Sort of new R user here. I'm trying to decompose GDP series into trend and cycle using Hamilton's proposed filter I'm following the neverhpfilter package (https://github.com/JustinMShea/neverhpfilter?tab=readme-ov-file#readme)
This is my set up
library(OECD)
library(tidyr)
library(neverhpfilter)
library(lubridate)
gdp_data=get_dataset("QNA")
gdp_data=gdp_data[gdp_data$SUBJECT=="B1_GS1",]
gdp_data=gdp_data[gdp_data$MEASURE=="CQR",]
gdp_data=gdp_data[gdp_data$TIME_FORMAT=="P3M",]
gdp_data=gdp_data[,c(2,5,10)]
gdp_data$ObsValue=as.numeric(gdp_data$ObsValue)
gdp_growth=gdp_data%>%
group_by(LOCATION)%>%
mutate(growth=log(ObsValue)-dplyr::lag(log(ObsValue)))
gdp_growth$Time=yq(gdp_growth$Time)
gdp_growth=gdp_growth[gdp_growth$Time>="1991-04-01",]
gdp_growth$LOCATION <- countrycode(gdp_growth$LOCATION, origin = "iso3c", destination = "country.name")
colnames(gdp_growth)=c("country", "gdp_value", "date", "growth")
gdp_list=split(gdp_growth, gdp_growth$country)

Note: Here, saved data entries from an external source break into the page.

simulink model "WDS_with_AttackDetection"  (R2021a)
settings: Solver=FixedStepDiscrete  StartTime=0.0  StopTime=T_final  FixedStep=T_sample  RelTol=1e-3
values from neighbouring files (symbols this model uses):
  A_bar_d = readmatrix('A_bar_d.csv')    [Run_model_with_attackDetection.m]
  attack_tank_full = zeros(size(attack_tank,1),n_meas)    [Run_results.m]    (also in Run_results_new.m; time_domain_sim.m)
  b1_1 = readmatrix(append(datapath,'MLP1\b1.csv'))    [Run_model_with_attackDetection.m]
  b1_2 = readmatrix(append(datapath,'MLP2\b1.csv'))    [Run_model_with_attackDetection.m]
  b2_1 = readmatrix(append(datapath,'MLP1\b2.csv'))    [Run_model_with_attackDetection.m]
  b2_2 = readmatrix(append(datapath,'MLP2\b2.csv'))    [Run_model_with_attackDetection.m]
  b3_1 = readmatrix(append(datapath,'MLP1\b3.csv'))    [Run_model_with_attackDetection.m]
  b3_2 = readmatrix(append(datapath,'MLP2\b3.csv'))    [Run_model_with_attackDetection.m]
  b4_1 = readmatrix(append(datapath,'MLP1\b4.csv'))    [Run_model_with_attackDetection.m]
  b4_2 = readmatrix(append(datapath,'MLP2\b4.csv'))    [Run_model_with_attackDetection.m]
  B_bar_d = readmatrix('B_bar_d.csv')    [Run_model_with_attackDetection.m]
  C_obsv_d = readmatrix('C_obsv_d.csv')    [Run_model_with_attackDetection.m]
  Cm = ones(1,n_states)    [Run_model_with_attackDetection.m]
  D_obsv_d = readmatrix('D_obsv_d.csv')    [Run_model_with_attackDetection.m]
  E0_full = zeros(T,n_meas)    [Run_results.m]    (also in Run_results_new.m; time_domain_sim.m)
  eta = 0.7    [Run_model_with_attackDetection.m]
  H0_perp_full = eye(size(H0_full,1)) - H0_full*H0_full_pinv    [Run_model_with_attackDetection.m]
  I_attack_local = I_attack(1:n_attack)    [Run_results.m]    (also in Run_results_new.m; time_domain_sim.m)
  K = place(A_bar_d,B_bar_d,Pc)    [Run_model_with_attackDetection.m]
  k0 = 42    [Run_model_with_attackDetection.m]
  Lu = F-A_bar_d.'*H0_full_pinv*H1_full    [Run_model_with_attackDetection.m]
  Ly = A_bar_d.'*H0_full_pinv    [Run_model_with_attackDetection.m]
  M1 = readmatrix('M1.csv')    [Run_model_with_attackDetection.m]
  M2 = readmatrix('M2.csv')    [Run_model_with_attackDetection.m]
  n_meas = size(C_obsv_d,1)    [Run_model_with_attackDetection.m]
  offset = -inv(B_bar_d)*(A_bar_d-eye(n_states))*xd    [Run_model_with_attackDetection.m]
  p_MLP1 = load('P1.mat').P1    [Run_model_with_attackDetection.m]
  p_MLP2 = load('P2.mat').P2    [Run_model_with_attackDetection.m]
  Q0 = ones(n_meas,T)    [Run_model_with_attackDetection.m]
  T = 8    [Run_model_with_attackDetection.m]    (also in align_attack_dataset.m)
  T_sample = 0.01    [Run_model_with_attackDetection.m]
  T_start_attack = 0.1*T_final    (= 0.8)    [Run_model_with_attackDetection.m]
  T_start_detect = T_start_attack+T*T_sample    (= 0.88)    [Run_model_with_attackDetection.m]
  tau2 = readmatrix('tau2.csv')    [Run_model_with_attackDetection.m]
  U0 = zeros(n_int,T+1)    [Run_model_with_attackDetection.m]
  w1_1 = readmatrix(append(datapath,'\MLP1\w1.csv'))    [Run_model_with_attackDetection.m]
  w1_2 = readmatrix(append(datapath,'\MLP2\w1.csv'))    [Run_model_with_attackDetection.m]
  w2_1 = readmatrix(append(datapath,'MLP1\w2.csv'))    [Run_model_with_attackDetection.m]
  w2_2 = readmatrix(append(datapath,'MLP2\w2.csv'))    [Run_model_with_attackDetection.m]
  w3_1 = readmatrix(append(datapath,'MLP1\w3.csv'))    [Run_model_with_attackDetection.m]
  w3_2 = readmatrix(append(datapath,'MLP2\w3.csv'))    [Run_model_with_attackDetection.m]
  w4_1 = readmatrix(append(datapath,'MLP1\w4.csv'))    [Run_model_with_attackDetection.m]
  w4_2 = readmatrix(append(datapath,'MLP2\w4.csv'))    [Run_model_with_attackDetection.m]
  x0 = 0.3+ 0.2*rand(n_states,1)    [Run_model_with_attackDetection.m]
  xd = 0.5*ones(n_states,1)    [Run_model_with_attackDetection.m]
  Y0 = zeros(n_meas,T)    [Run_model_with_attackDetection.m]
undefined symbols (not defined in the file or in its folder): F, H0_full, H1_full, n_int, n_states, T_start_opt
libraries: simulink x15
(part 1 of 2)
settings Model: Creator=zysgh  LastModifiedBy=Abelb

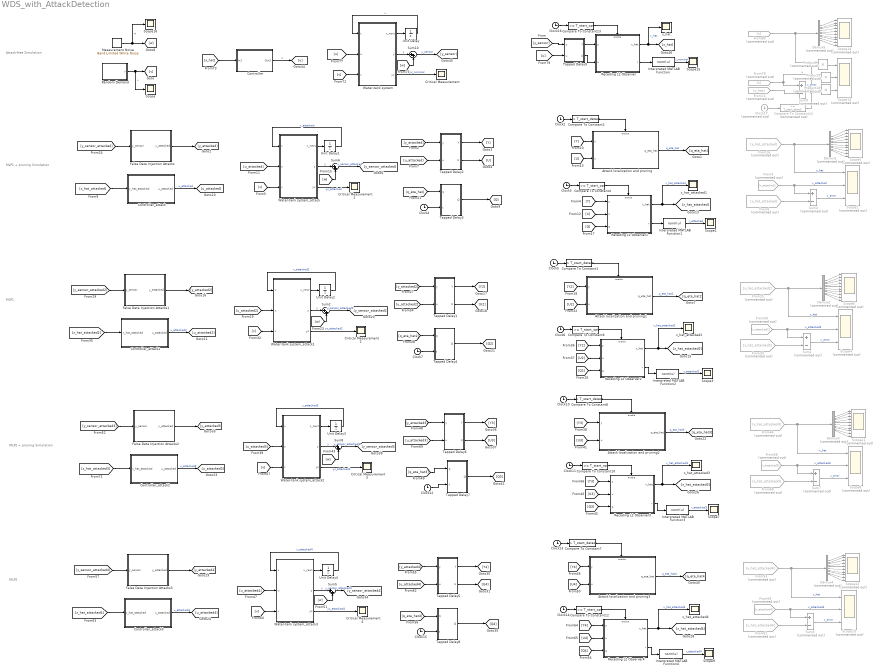
== system WDS_with_AttackDetection ==
  note: MLP1 + pruning Simulation
  note: MLP1
  note: MLP2 + pruning Simulation
  note: MLP2
  note: Attack-free Simulation
  Attack localization and pruning : Subsystem
  Attack localization and pruning1 : Subsystem
  Attack localization and pruning2 : Subsystem
  Attack localization and pruning3 : Subsystem
  Clock{2..7,10..16} (13 alike) : Clock
  Clock17 : Clock  Commented=on
  Compare To Constant{1..2,7..8} (4 alike) : simulink/Logic and Bit Operations/Compare To Constant  relop=>  const=T_start_detect  OutDataTypeStr=boolean
  Compare To Constant{4,6,10,12..13} (5 alike) : simulink/Logic and Bit Operations/Compare To Constant  relop=>=  const=T_start_opt  OutDataTypeStr=boolean
  Compare To Constant14 : simulink/Logic and Bit Operations/Compare To Constant  Commented=on  relop=>=  const=T_start_attack  OutDataTypeStr=boolean
  Controller : Subsystem
  Controller_attack : Subsystem
  Controller_attack1 : Subsystem
  Controller_attack2 : Subsystem
  Controller_attack3 : Subsystem
  Critical Measurement{,1..4} (5 alike) : Scope
  Demux{1..5} (5 alike) : Demux  Commented=on  Outputs=n_states
  False Data Injection Attacks : Subsystem
  False Data Injection Attacks1 : Subsystem
  False Data Injection Attacks2 : Subsystem
  False Data Injection Attacks3 : Subsystem
  From16 : From  Commented=on  GotoTag=x_hat_attacked
  From25 : From  Commented=on  GotoTag=x_hat_attacked2
  From3 : From  Commented=on  GotoTag=x_attacked
  From30 : From  Commented=on  GotoTag=x_attacked2
  From33 : From  Commented=on  GotoTag=x_hat_attacked2
  From44 : From  Commented=on  GotoTag=x_hat_attacked3
  From53 : From  Commented=on  GotoTag=x_hat_attacked4
  From58 : From  Commented=on  GotoTag=x_attacked3
  From59 : From  Commented=on  GotoTag=x_attacked4
  From6 : From  Commented=on  GotoTag=x_hat_attacked
  From61 : From  Commented=on  GotoTag=x_hat_attacked4
  From68 : From  Commented=on  GotoTag=x_hat_attacked3
  From74 : From  Commented=on  GotoTag=x_hat
  From78 : From  Commented=on  GotoTag=x
  From80 : From  Commented=on  GotoTag=x
  Interpreted MATLAB Function{,1..4} (5 alike) : MATLABFcn  MATLABFcn=norm(u)
  Measurement Noise : simulink/Sources/Band-Limited White Noise  Cov=[0.001]  Ts=T_sample  seed=[23341]
  Product10 : Product  Commented=on
  Product8 : Product  Commented=on
  Product9 : Product  Commented=on
  Random Demand : Subsystem
  Receding L2 Observer : Subsystem
  Receding L2 Observer1 : Subsystem
  Receding L2 Observer2 : Subsystem
  Receding L2 Observer3 : Subsystem
  Receding L2 Observer4 : Subsystem
  Scope{,1,3,7,9,15..16} (7 alike) : Scope
  Scope{2,4,8,10,13} (5 alike) : Scope  Commented=on  NumInputPorts=3
  Scope{5..6,11..12,14} (5 alike) : Scope  Commented=on  NumInputPorts=10
  Sum{1,3..4,7,9} (5 alike) : Sum  Commented=on  Inputs=+-
  Sum{2,5..6,8,10} (5 alike) : Sum  Inputs=|++
  Tapped Delay1 : Subsystem
  Tapped Delay2 : Subsystem
  Tapped Delay3 : Subsystem
  Tapped Delay4 : Subsystem
  Tapped Delay5 : Subsystem
  Tapped Delay6 : Subsystem
  Tapped Delay7 : Subsystem
  Tapped Delay8 : Subsystem
  Tapped Delay9 : Subsystem
  Unit Delay{,1..4} (5 alike) : UnitDelay  InitialCondition=x0  SampleTime=-1  HasFrameUpgradeWarning=on
  Water-tank system : MATLAB Function  TreatAsAtomicUnit=on
  Water-tank system_attack : MATLAB Function  TreatAsAtomicUnit=on
  Water-tank system_attack1 : MATLAB Function  TreatAsAtomicUnit=on
  Water-tank system_attack2 : MATLAB Function  TreatAsAtomicUnit=on
  Water-tank system_attack3 : MATLAB Function  TreatAsAtomicUnit=on
  x_hat : Scope
  x_hat_attacked{1..4} (4 alike) : Scope
  wires:
  Demux1/10 -> Scope5/10
  Tapped Delay3/1(Q) -> [Q]
  Water-tank system_attack/1(x_next) -> Unit Delay1/1
  [x_hat_attacked] -> Controller_attack/1(x_hat_attacked)
  Clock2/1 -> Compare To Constant2/1
  Unit Delay1/1 -> Water-tank system_attack/1(x)  "x_attacked"
  Water-tank system_attack/2(y) -> Sum6/1  "y"
  Controller_attack/1(u_attacked) -> [u_attacked]  "u_attacked"
  Clock4/1 -> Tapped Delay3/2(t)
  Tapped Delay2/1(Y) -> [Y]
  [v] -> Water-tank system_attack/3(v)
  [w] -> Sum6/2
  [y_attacked] -> Tapped Delay2/1(y)
  [U] -> Attack localization and pruning/2(u)
  [Y] -> Attack localization and pruning/1(y)
  [u_attacked] -> Water-tank system_attack/2(u)
  False Data Injection Attacks/1(y_attacked) -> [y_attacked]
  Tapped Delay2/2(U) -> [U]
  Random Demand/1(v) -> Scope/1, [v]  "v"
  Compare To Constant2/1 -> Attack localization and pruning/Enable
  [q_eta_hat] -> Tapped Delay3/1(q)
  [u_attacked] -> Tapped Delay2/2(u)
  Demux1/4 -> Scope5/4
  Sum6/1 -> [y_sensor_attacked]  "y_sensor_attacked"
  Attack localization and pruning/1(q_eta_hat) -> [q_eta_hat]  "q_eta_hat"
  Measurement Noise/1 -> Scope16/1, [w]  "w"
  Demux1/2 -> Scope5/2
  From3/1 -> Sum4/1, Scope2/2  "x_attacked"
  From16/1 -> Demux1/1, Scope2/1  "x_hat"
  Demux1/6 -> Scope5/6
  Demux1/9 -> Scope5/9
  Demux1/7 -> Scope5/7
  [y_sensor_attacked] -> False Data Injection Attacks/1(y_sensor)
  Demux1/1 -> Scope5/1
  Demux1/8 -> Scope5/8
  Demux1/5 -> Scope5/5
  Demux1/3 -> Scope5/3
  Sum4/1 -> Scope2/3  "x_error"
  From6/1 -> Sum4/2
  Interpreted MATLAB Function1/1 -> Scope1/1  "r_attacked"
  Compare To Constant4/1 -> Receding L2 Observer1/Enable
  Receding L2 Observer1/1(x_hat) -> x_hat_attacked1/1, [x_hat_attacked]  "x_hat_attacked"
  Receding L2 Observer1/2(r) -> Interpreted MATLAB Function1/1
  Clock3/1 -> Compare To Constant4/1
  [Y] -> Receding L2 Observer1/1(y)
  [Q] -> Receding L2 Observer1/3(q)
  [U] -> Receding L2 Observer1/2(u)
  Demux2/1 -> Scope6/1
  Demux2/9 -> Scope6/9
  [U2] -> Receding L2 Observer2/2(u)
  [q_eta_hat2] -> Tapped Delay4/1(q)
  Demux2/3 -> Scope6/3
  Receding L2 Observer2/1(x_hat) -> x_hat_attacked2/1, [x_hat_attacked2]  "x_hat_attacked2"
  [y_sensor_attacked2] -> False Data Injection Attacks1/1(y_sensor)
  Demux2/8 -> Scope6/8
  Clock6/1 -> Compare To Constant6/1
  [Q2] -> Receding L2 Observer2/3(q)
  Controller_attack1/1(u_attacked) -> [u_attacked2]  "u_attacked2"
  [y_attacked2] -> Tapped Delay1/1(y)
  Sum1/1 -> Scope4/3  "x_error"
  Interpreted MATLAB Function2/1 -> Scope3/1  "r_attacked2"
  Demux2/5 -> Scope6/5
  Demux2/7 -> Scope6/7
  [u_attacked2] -> Water-tank system_attack1/2(u)
  From33/1 -> Sum1/2
  Sum2/1 -> [y_sensor_attacked2]  "y_sensor_attacked2"
  Demux2/2 -> Scope6/2
  [w] -> Sum2/2
  From30/1 -> Sum1/1, Scope4/2  "x_attacked2"
  From25/1 -> Demux2/1, Scope4/1  "x_hat"
  [v] -> Water-tank system_attack1/3(v)
  Compare To Constant6/1 -> Receding L2 Observer2/Enable
  [u_attacked2] -> Tapped Delay1/2(u)
  Attack localization and pruning1/1(q_eta_hat) -> [q_eta_hat2]  "q_eta_hat2"
  False Data Injection Attacks1/1(y_attacked) -> [y_attacked2]
  Unit Delay2/1 -> Water-tank system_attack1/1(x)  "x_attacked2"
  Tapped Delay1/2(U) -> [U2]
  [U2] -> Attack localization and pruning1/2(u)
  Compare To Constant1/1 -> Attack localization and pruning1/Enable
  [Y2] -> Attack localization and pruning1/1(y)
  Demux2/4 -> Scope6/4
  Receding L2 Observer2/2(r) -> Interpreted MATLAB Function2/1
  Clock5/1 -> Compare To Constant1/1
  [Y2] -> Receding L2 Observer2/1(y)
  Tapped Delay4/1(Q) -> [Q2]
  Clock7/1 -> Tapped Delay4/2(t)
  Water-tank system_attack1/1(x_next) -> Unit Delay2/1
  Tapped Delay1/1(Y) -> [Y2]
  Water-tank system_attack1/2(y) -> Sum2/1  "y"
  Demux2/10 -> Scope6/10
  Demux2/6 -> Scope6/6
  [x_hat_attacked2] -> Controller_attack1/1(x_hat_attacked)
  Demux3/1 -> Scope11/1
  Demux3/9 -> Scope11/9
  [U3] -> Receding L2 Observer3/2(u)
  Tapped Delay6/2(U) -> [U3]
  [q_eta_hat3] -> Tapped Delay7/1(q)
  Demux3/3 -> Scope11/3
  [Q3] -> Receding L2 Observer3/3(q)
  Sum8/1 -> [y_sensor_attacked3]  "y_sensor_attacked3"
  Receding L2 Observer3/1(x_hat) -> x_hat_attacked3/1, [x_hat_attacked3]  "x_hat_attacked3"
  [y_sensor_attacked3] -> False Data Injection Attacks2/1(y_sensor)
  [w] -> Sum8/2
  Demux3/5 -> Scope11/5
  Compare To Constant10/1 -> Receding L2 Observer3/Enable
  From68/1 -> Sum7/2
  Demux3/8 -> Scope11/8
  [Y3] -> Receding L2 Observer3/1(y)
  Clock11/1 -> Compare To Constant10/1
  Controller_attack2/1(u_attacked) -> [u_attacked3]  "u_attacked3"
  [v] -> Water-tank system_attack2/3(v)
  [y_attacked3] -> Tapped Delay6/1(y)
  Attack localization and pruning2/1(q_eta_hat) -> [q_eta_hat3]  "q_eta_hat3"
  Sum7/1 -> Scope8/3  "x_error"
  Interpreted MATLAB Function3/1 -> Scope7/1  "r_attacked3"
  Demux3/7 -> Scope11/7
  From58/1 -> Sum7/1, Scope8/2  "x_attacked3"
  Receding L2 Observer3/2(r) -> Interpreted MATLAB Function3/1
  Demux3/6 -> Scope11/6
  Demux3/2 -> Scope11/2
  From44/1 -> Demux3/1, Scope8/1  "x_hat"
  False Data Injection Attacks2/1(y_attacked) -> [y_attacked3]
  Unit Delay3/1 -> Water-tank system_attack2/1(x)  "x_attacked3"
  [U3] -> Attack localization and pruning2/2(u)
  [Y3] -> Attack localization and pruning2/1(y)
  Demux3/4 -> Scope11/4
  Clock10/1 -> Compare To Constant8/1
  Tapped Delay7/1(Q) -> [Q3]
  Tapped Delay6/1(Y) -> [Y3]
  Clock12/1 -> Tapped Delay7/2(t)
  [x_hat_attacked3] -> Controller_attack2/1(x_hat_attacked)
  Water-tank system_attack2/1(x_next) -> Unit Delay3/1
  Water-tank system_attack2/2(y) -> Sum8/1  "y"
  Demux3/10 -> Scope11/10
  Controller_attack3/1(u_attacked) -> [u_attacked4]  "u_attacked4"
  [y_attacked4] -> Tapped Delay5/1(y)
  Sum3/1 -> Scope10/3  "x_error"
  Demux4/8 -> Scope12/8
  Clock14/1 -> Compare To Constant12/1
  Demux4/3 -> Scope12/3
  Demux4/9 -> Scope12/9
  [Y4] -> Receding L2 Observer4/1(y)
  Tapped Delay5/1(Y) -> [Y4]
  Water-tank system_attack3/1(x_next) -> Unit Delay4/1
  Clock15/1 -> Tapped Delay8/2(t)
  Clock13/1 -> Compare To Constant7/1
  Receding L2 Observer4/2(r) -> Interpreted MATLAB Function4/1
  Tapped Delay8/1(Q) -> [Q4]
  Compare To Constant7/1 -> Attack localization and pruning3/Enable
  Demux4/4 -> Scope12/4
  [Y4] -> Attack localization and pruning3/1(y)
  [U4] -> Attack localization and pruning3/2(u)
  Tapped Delay5/2(U) -> [U4]
  [u_attacked4] -> Tapped Delay5/2(u)
  [u_attacked3] -> Water-tank system_attack2/2(u)
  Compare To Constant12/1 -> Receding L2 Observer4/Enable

countries_total=names(gdp_list)
filtered_gdp=list()
for (country_j in countries_total) {
country_temp=gdp_list[[country_j]]
country_temp_xts=as.xts(country_temp)
gdp_value=country_temp_xts[,c(2)]
country_temp_hf=yth_filter(100*log(gdp_value), h=8, p=4, output=c("x", "trend", "cycle"))
filtered_gdp[[country_j]]=country_temp_hf
}
I get an error saying that
Error in log(gdp_value) : non-numeric argument to mathematical function
But in the examples, the data used in the process is the same class as my data
class(country_temp_xts) [1] "xts" "zoo"
With library(countrycode)
was able to run most of your code, which was helpful.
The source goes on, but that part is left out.